FIG. 2 shows how the cover plate 3 is attached to the actuator member 1. The epoxy adhesive 12 is applied to the protrusion region on the top of the actuator side wall of the actuator member 1 by screen printing or transfer method with a thickness of several tens of μm. On the other hand, a conductive adhesive 15 for connecting with the channel top electrode is printed and applied to the via hole 14 on the surface of the cover plate 3 which is joined to the channel by screen printing, and the actuator member 1
And paste it.

At this time, when the cover plate 3 having the via hole 14 is aligned and attached to the actuator member 1, the via hole 14 coated with the conductive adhesive 15 is applied.
The opposite signal electrodes 4 formed on the inner wall of the channel.
After aligning so as to bridge, join. Then, these members are put into an oven to heat and cure the adhesive.

As a means for applying a signal to the head member formed as described above, ink is ejected by electrically connecting to a via hole pad portion on the upper surface of the cover member with a connector such as a pin grid. In this way, there is no need for a means for forming a passivation film by means of plasma-CVD or the like to cover the surface of the signal electrode that comes into contact with ink as in the conventional case, and a device such as wire bonding is also unnecessary, thereby reducing costs. It is possible to make a cheap and highly reliable shear mode type inkjet head.

[0018]

According to the ink jet recording head of the present invention, a large-scale apparatus for forming a protective film which has been conventionally required to protect the surface of the signal electrode formed on the inner wall of the ink channel from the ink is required. Moreover, the size of the head is further reduced, and a reliable and long-life ink jet recording head can be obtained.

[Brief description of drawings]

FIG. 1 is a sectional view in the longitudinal direction of a channel of an inkjet recording head according to an embodiment of the present invention.

FIG. 2 is a channel cross-sectional view of the ink jet recording head according to the same embodiment.

FIG. 3 is a channel cross-sectional view in a manufacturing process of the ink jet recording head according to the same embodiment.

FIG. 4 is an exploded perspective view of a conventional shear mode type inkjet recording head.
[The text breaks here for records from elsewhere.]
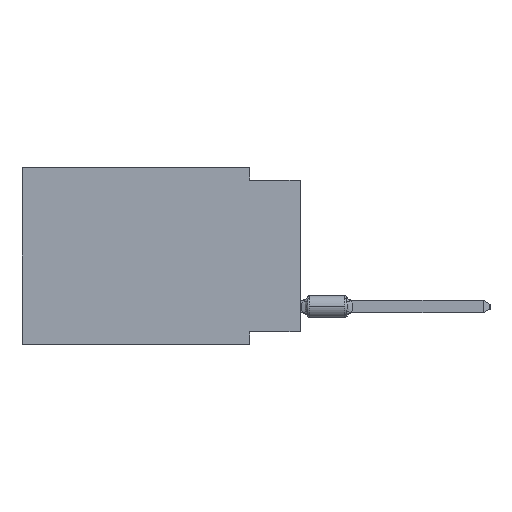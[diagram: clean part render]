
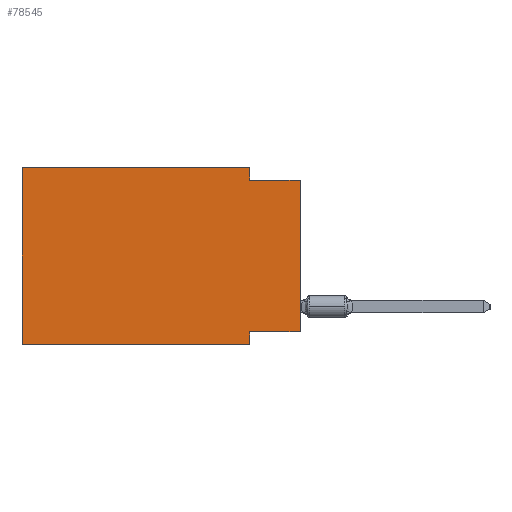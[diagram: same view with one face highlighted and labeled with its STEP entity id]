
A CAD part, left-side view. The second image highlights one B-rep face of the part: STEP entity #78545.
In plain terms, the highlighted planar face has unit normal (-1, 0, 0).
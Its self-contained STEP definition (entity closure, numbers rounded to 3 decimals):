
#165 = EDGE_CURVE ( 'NONE', #35267, #30312, #51653, .T. ) ;
#2609 = ORIENTED_EDGE ( 'NONE', *, *, #65010, .F. ) ;
#3268 = CARTESIAN_POINT ( 'NONE',  ( 0., 0., -8.255 ) ) ;
#3670 = DIRECTION ( 'NONE',  ( 1., 0., 0. ) ) ;
#5167 = CARTESIAN_POINT ( 'NONE',  ( 0., 13.97, 0. ) ) ;
#7438 = VECTOR ( 'NONE', #45683, 1000. ) ;
#7939 = LINE ( 'NONE', #22116, #24718 ) ;
#8123 = VERTEX_POINT ( 'NONE', #3268 ) ;
#13961 = EDGE_LOOP ( 'NONE', ( #52640, #2609, #77715, #14189, #14178, #84059, #35866, #85902 ) ) ;
#14178 = ORIENTED_EDGE ( 'NONE', *, *, #165, .F. ) ;
#14189 = ORIENTED_EDGE ( 'NONE', *, *, #29100, .F. ) ;
#17364 = CARTESIAN_POINT ( 'NONE',  ( 0., 13.97, 0. ) ) ;
#21537 = EDGE_CURVE ( 'NONE', #35267, #77885, #85437, .T. ) ;
#21686 = VECTOR ( 'NONE', #67549, 1000. ) ;
#22116 = CARTESIAN_POINT ( 'NONE',  ( 0., 0., 0. ) ) ;
#24081 = CARTESIAN_POINT ( 'NONE',  ( 0., 2.54, -8.255 ) ) ;
#24718 = VECTOR ( 'NONE', #74356, 1000. ) ;
#29100 = EDGE_CURVE ( 'NONE', #30312, #39370, #63948, .T. ) ;
#29728 = EDGE_CURVE ( 'NONE', #39370, #64617, #82791, .T. ) ;
#30312 = VERTEX_POINT ( 'NONE', #5167 ) ;
#30579 = EDGE_CURVE ( 'NONE', #8123, #63989, #7939, .T. ) ;
#31762 = LINE ( 'NONE', #84496, #43881 ) ;
#32995 = FACE_OUTER_BOUND ( 'NONE', #13961, .T. ) ;
#35267 = VERTEX_POINT ( 'NONE', #66171 ) ;
#35866 = ORIENTED_EDGE ( 'NONE', *, *, #53561, .F. ) ;
#36994 = CARTESIAN_POINT ( 'NONE',  ( 0., 13.97, 0. ) ) ;
#38441 = AXIS2_PLACEMENT_3D ( 'NONE', #17364, #3670, #63742 ) ;
#38527 = VECTOR ( 'NONE', #56131, 1000. ) ;
#39370 = VERTEX_POINT ( 'NONE', #82034 ) ;
#43881 = VECTOR ( 'NONE', #52772, 1000. ) ;
#45683 = DIRECTION ( 'NONE',  ( 0., 0., -1. ) ) ;
#46790 = CARTESIAN_POINT ( 'NONE',  ( 0., 2.54, -8.89 ) ) ;
#50478 = CARTESIAN_POINT ( 'NONE',  ( 0., 0., -0.635 ) ) ;
#51653 = LINE ( 'NONE', #36994, #54781 ) ;
#52640 = ORIENTED_EDGE ( 'NONE', *, *, #30579, .T. ) ;
#52772 = DIRECTION ( 'NONE',  ( 0., 0., -1. ) ) ;
#53561 = EDGE_CURVE ( 'NONE', #54970, #77885, #31762, .T. ) ;
#54405 = CARTESIAN_POINT ( 'NONE',  ( 0., 0., -8.255 ) ) ;
#54473 = PLANE ( 'NONE',  #38441 ) ;
#54781 = VECTOR ( 'NONE', #81440, 1000. ) ;
#54970 = VERTEX_POINT ( 'NONE', #24081 ) ;
#55651 = DIRECTION ( 'NONE',  ( 0., -1., 0. ) ) ;
#56131 = DIRECTION ( 'NONE',  ( 0., -1., 0. ) ) ;
#57809 = LINE ( 'NONE', #50478, #21686 ) ;
#63742 = DIRECTION ( 'NONE',  ( 0., 0., -1. ) ) ;
#63948 = LINE ( 'NONE', #90463, #38527 ) ;
#63989 = VERTEX_POINT ( 'NONE', #69809 ) ;
#64617 = VERTEX_POINT ( 'NONE', #74486 ) ;
#65010 = EDGE_CURVE ( 'NONE', #64617, #63989, #57809, .T. ) ;
#66171 = CARTESIAN_POINT ( 'NONE',  ( 0., 13.97, -8.89 ) ) ;
#67549 = DIRECTION ( 'NONE',  ( 0., -1., 0. ) ) ;
#68580 = DIRECTION ( 'NONE',  ( 0., 1., 0. ) ) ;
#69809 = CARTESIAN_POINT ( 'NONE',  ( 0., 0., -0.635 ) ) ;
#72070 = VECTOR ( 'NONE', #55651, 1000. ) ;
#74356 = DIRECTION ( 'NONE',  ( 0., 0., 1. ) ) ;
#74486 = CARTESIAN_POINT ( 'NONE',  ( 0., 2.54, -0.635 ) ) ;
#77489 = EDGE_CURVE ( 'NONE', #8123, #54970, #90066, .T. ) ;
#77715 = ORIENTED_EDGE ( 'NONE', *, *, #29728, .F. ) ;
#77885 = VERTEX_POINT ( 'NONE', #46790 ) ;
#78545 = ADVANCED_FACE ( 'NONE', ( #32995 ), #54473, .F. ) ;
#80537 = VECTOR ( 'NONE', #68580, 1000. ) ;
#81440 = DIRECTION ( 'NONE',  ( 0., 0., 1. ) ) ;
#81829 = CARTESIAN_POINT ( 'NONE',  ( 0., 2.54, 0. ) ) ;
#82034 = CARTESIAN_POINT ( 'NONE',  ( 0., 2.54, 0. ) ) ;
#82791 = LINE ( 'NONE', #81829, #7438 ) ;
#84059 = ORIENTED_EDGE ( 'NONE', *, *, #21537, .T. ) ;
#84496 = CARTESIAN_POINT ( 'NONE',  ( 0., 2.54, -8.89 ) ) ;
#85437 = LINE ( 'NONE', #86398, #72070 ) ;
#85902 = ORIENTED_EDGE ( 'NONE', *, *, #77489, .F. ) ;
#86398 = CARTESIAN_POINT ( 'NONE',  ( 0., 13.97, -8.89 ) ) ;
#90066 = LINE ( 'NONE', #54405, #80537 ) ;
#90463 = CARTESIAN_POINT ( 'NONE',  ( 0., 13.97, 0. ) ) ;

FIG. 5 is a sectional view in the longitudinal direction of the channel of the conventional inkjet recording head.

[Explanation of symbols]

 1 Actuator member 2 Nozzle plate 3 Cover plate 4 Signal electrode 5 Nozzle 6 Printed wiring board 7 Ink supply port 8 Channel 9 Conductive pattern 10 Actuator side wall (partition wall) 11 Actuator member rear end face 12 Epoxy adhesive 14 Via hole

Claims (2)

[Claims] 1. A plurality of channels which are parallel to each other and are separated by a partition wall of piezoelectric ceramic, and the partition wall is deformed in accordance with a voltage applied to a signal electrode formed on the partition wall of the channel. An ink jet recording head, wherein ink filled in the channel is formed at one end of the channel and selectively protrudes from an ink discharge port communicating with the channel, the ink jet recording head being provided on the other side of the ink discharge port. An ink jet recording head characterized in that an ink supply port for supplying ink to a plurality of channels is provided at an end portion, and a signal electrode is formed on a partition wall of each channel except the vicinity where the ink supply port is formed. 2. A plurality of channels are formed by cutting on one surface of a piezoelectric ceramics plate, and a voltage is applied to a signal electrode formed on a partition wall of each of the channels, and a cover plate covering each of the channels is applied. 2. The ink jet recording head according to claim 1, wherein the ink jet recording head is formed through a via hole penetrating through.